Actually steering a wheel and pressing on the gas pedal can not compare to any other
sensation of driving. It is, in my opinion, the most satisfactory feeling.
“Touch begins with the transduction of skin sensations into neural signals. Like cells in
the retina of each eye, touch receptors have receptive fields that, when stimulated, cause
that cell’s response to change. The representation of touch in the brain follows a
topographic scheme, much as vision and hearing do.” (Schacter, Gilbert, & Wegner,
2011).
Several contributions make feelings of touch possible. Small neurons, called sensory neurons,
collect stimuli and take the information received to the spinal cord. Interneurons connect sensory
and motor neurons. The spinal cord and central nervous system house the motor neurons, which
pick up the information and take messages to muscles to move. The signals go through two
distinct stages: conduction and transmission. Conduction takes electric signals through neurons,
cell bodies, dendrites, and to the axon. Transmission sends signals from neuron to neuron
through synapses in the brain, or the space between an axon of one neuron to a dendrite/cell body
of another neuron. Adults have around 100-500 trillion synaptic junctions (Schacter, Gilbert, &
Wegner, 2011).
The cell body keeps cells living, and takes care of tasks/information. “Functions such as
protein synthesis, energy production, and metabolism take place here.” (Schacter, Gilbert, &
Wegner, 2011). Inside each neuron, a nucleus containing one’s DNA is covered in a membrane
to keep track of particles that enter and exit the cell. Neurons also have dendrites and axons.
Dendrites collect other messages through synapses. Axons, on the other hand, follow the same
regime, but reversed: sending signals to neurons, muscles, and glands. Axons vary in length, and
can stretch up to several meters long. Glial cells are another type of brain cell; they function as a
garbage man of the nervous system by eating dead neurons and producing protective myelin
sheaths around neurons.
Neurotransmitters are the “messages” transmitted from neuron to neuron.

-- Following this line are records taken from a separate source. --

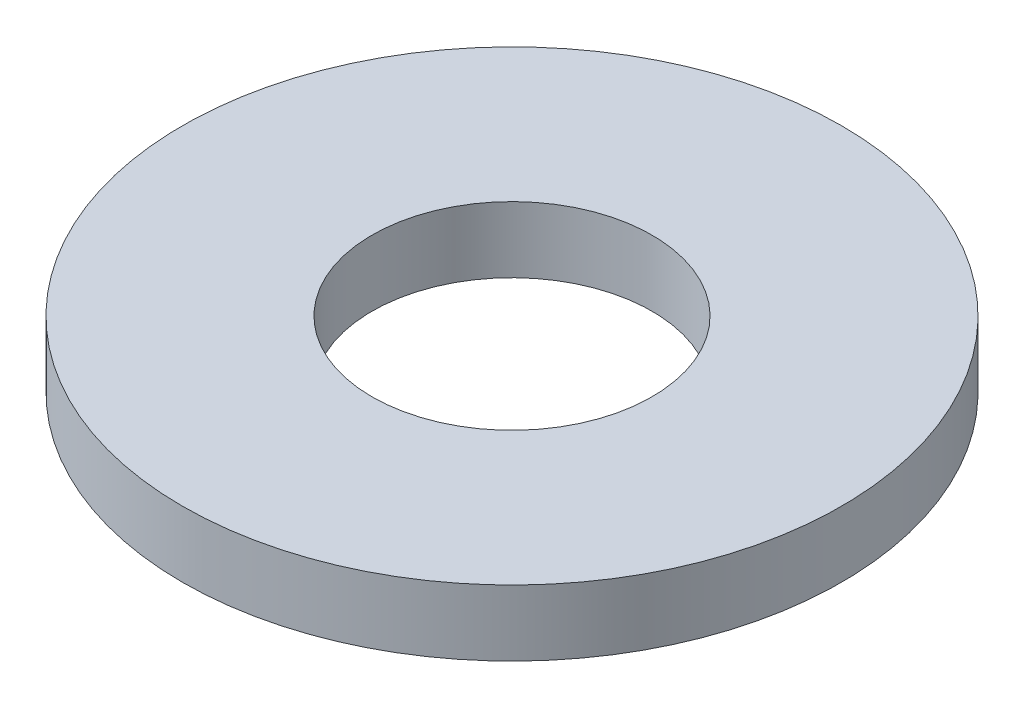
SolidWorks part; units mm, degrees
ref_plane "Front Plane" through (0, 0, 0) normal (0, 0, 1) x (1, 0, 0)
ref_plane "Top Plane" through (0, 0, 0) normal (0, 1, 0) x (1, 0, 0)
ref_plane "Right Plane" through (0, 0, 0) normal (1, 0, 0) x (0, 0, -1)
sketch "Sketch1" plane through (0, 0, 0) normal (0, 1, 0) x (1, 0, 0)
  line L1 (4, 0) -> (2, 3.4641) construction
  line L2 (2, 3.4641) -> (-2, 3.4641) construction
  line L3 (-2, 3.4641) -> (-4, 0) construction
  line L4 (-4, 0) -> (-2, -3.4641) construction
  line L5 (-2, -3.4641) -> (2, -3.4641) construction
  line L6 (2, -3.4641) -> (4, 0) construction
  circle A0 centre (0, 0) radius 3.4641 construction
  circle A1 centre (0, 0) radius 10
  circle A2 centre (0, 0) radius 4 construction
  circle A3 centre (0, 0) radius 4.25
  dimension "D1" = 8
  dimension "D2" = 20
  dimension "D3" = 8.5
extrude "Boss-Extrude1" add sketch "Sketch1" along normal blind 2
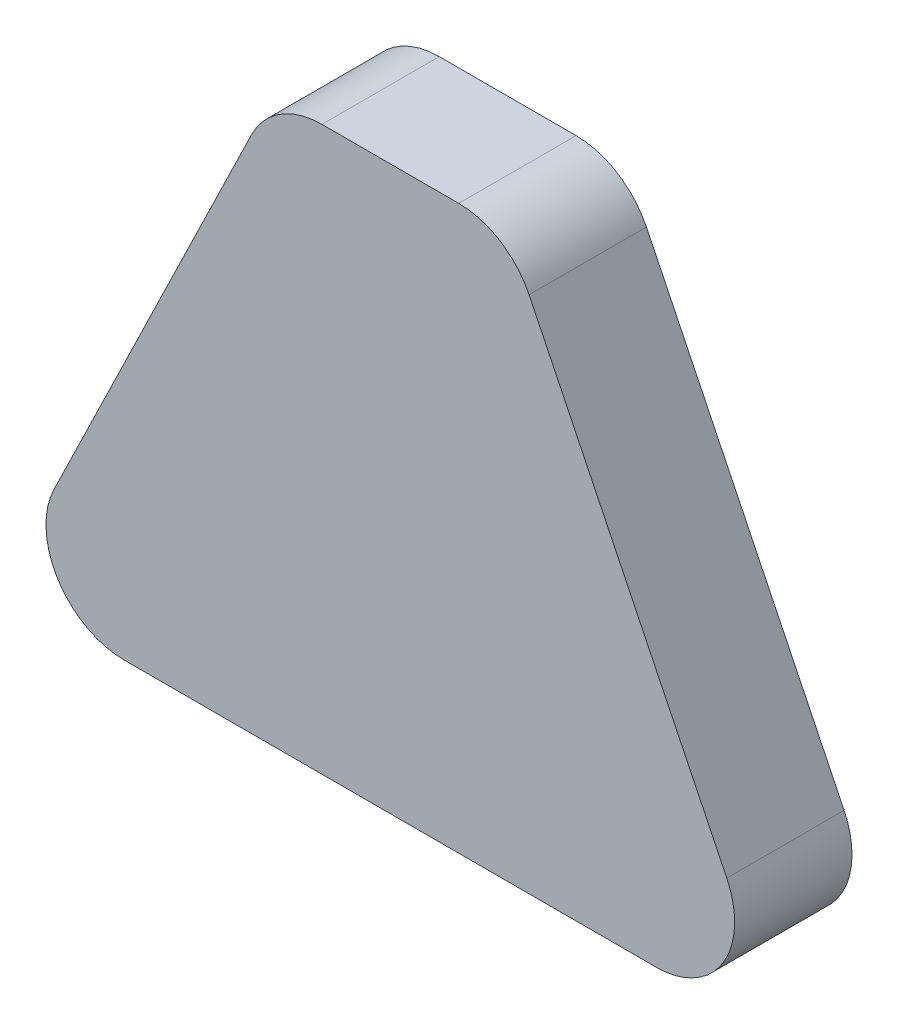
SolidWorks part; units mm, degrees
ref_plane "Front Plane" through (0, 0, 0) normal (0, 0, 1) x (1, 0, 0)
ref_plane "Top Plane" through (0, 0, 0) normal (0, 1, 0) x (1, 0, 0)
ref_plane "Right Plane" through (0, 0, 0) normal (1, 0, 0) x (0, 0, -1)
sketch "Sketch1" plane through (0, 0, 0) normal (0, 0, 1) x (1, 0, 0)
  line L0 (-50, 0) -> (-15, 71.9375)
  line L1 (-15, 71.9375) -> (15, 71.9375)
  line L3 (50, 0) -> (-50, 0)
  line L4 (0, 73.0285) -> (0, 24.2987) construction
  line L5 (50, 0) -> (15, 71.9375)
  point P4 (-35.7545, 0.6605)
  point P8 (0, 0)
  point P9 (0, 71.9375)
  point P10 (0, 0)
  dimension "D1" = 15
  dimension "D2" = 80
  dimension "D3" = 50
extrude "Boss-Extrude1" add sketch "Sketch1" along normal blind 15 contours L5 L1 L0 L3
fillet "Fillet1" radius 10 4 edges at (-50, 0, 7.5) (50, 0, 7.5) (15, 71.9375, 7.5) (-15, 71.9375, 7.5)

Neurotransmitters cross the synaptic junction to receptor sites, affecting thoughts, feelings, and
behaviors. Acetylcholine is a type of neurotransmitter that activates motor control such as muscle
contractions, as well as learning, dreaming, memory, etc. Dopamine is another transmitter that
aids in motor control, as well as motivation, pleasure, arousal, etc. Glutamate is an excitatory
neurotransmitter that stimulates the brain. GABA stops the firing of Glutamate. Norepinephrine,
or nonadrenaline, is another neurotransmitter in charge of arousal and mood. Serotonin regulates
sleep, wakefulness, eating, etc. Endorphins are calming chemicals which usually take action in
pain pathways. Of the many neurotransmitters, acetylcholine, dopamine, and some glutamate are
fired in my brain while driving. These neurotransmitters are released, making me feel good after
a stressful day, when I go for a drive.
Processes taking place when driving as a stress reliever are much more complicated than
one can imagine. Multiple contributions of the body aid in making one feel good. “Driving is
such a pervasive activity and involves such a rich diversity of psychological processes” for
example visual perceptions, hearing, touching, and even smelling, “..drivers have multiple goals
— getting to a destination at one level, overtaking a slower vehicle at another level, etc. The
Four processes operate at multiple levels: (i) the detection of environmental constraints that may
interfere with currently active goals; (ii) the appraisal of these changes; (iii) the selection of an
appropriate response to the changes; and (iv) implementation of the selected response.”
(Geoffery, 2002)
References
Cassidy, GG, and RAR MacDonald. "The Effects of Music on Time Perception and Performance of a Driving
Game." Scandavian Journal of Psychology 51.6 (2012): 455-64. Academic Search Premier. Web. 6 Apr.
2013.
Schacter, Daniel L., Daniel Todd. Gilbert, and Daniel M. Wegner. Introducing Psychology. New York, NY:
Worth, 2011. Print.
Underwood, Geoffrey. "Understanding Driving: Applying Cognitive Psychology to a Complex Everyday
Task." Applied Cognitive Psychology 16.3 (2002): 363-65. Academic Search Premier. Web. 6 Apr. 2013.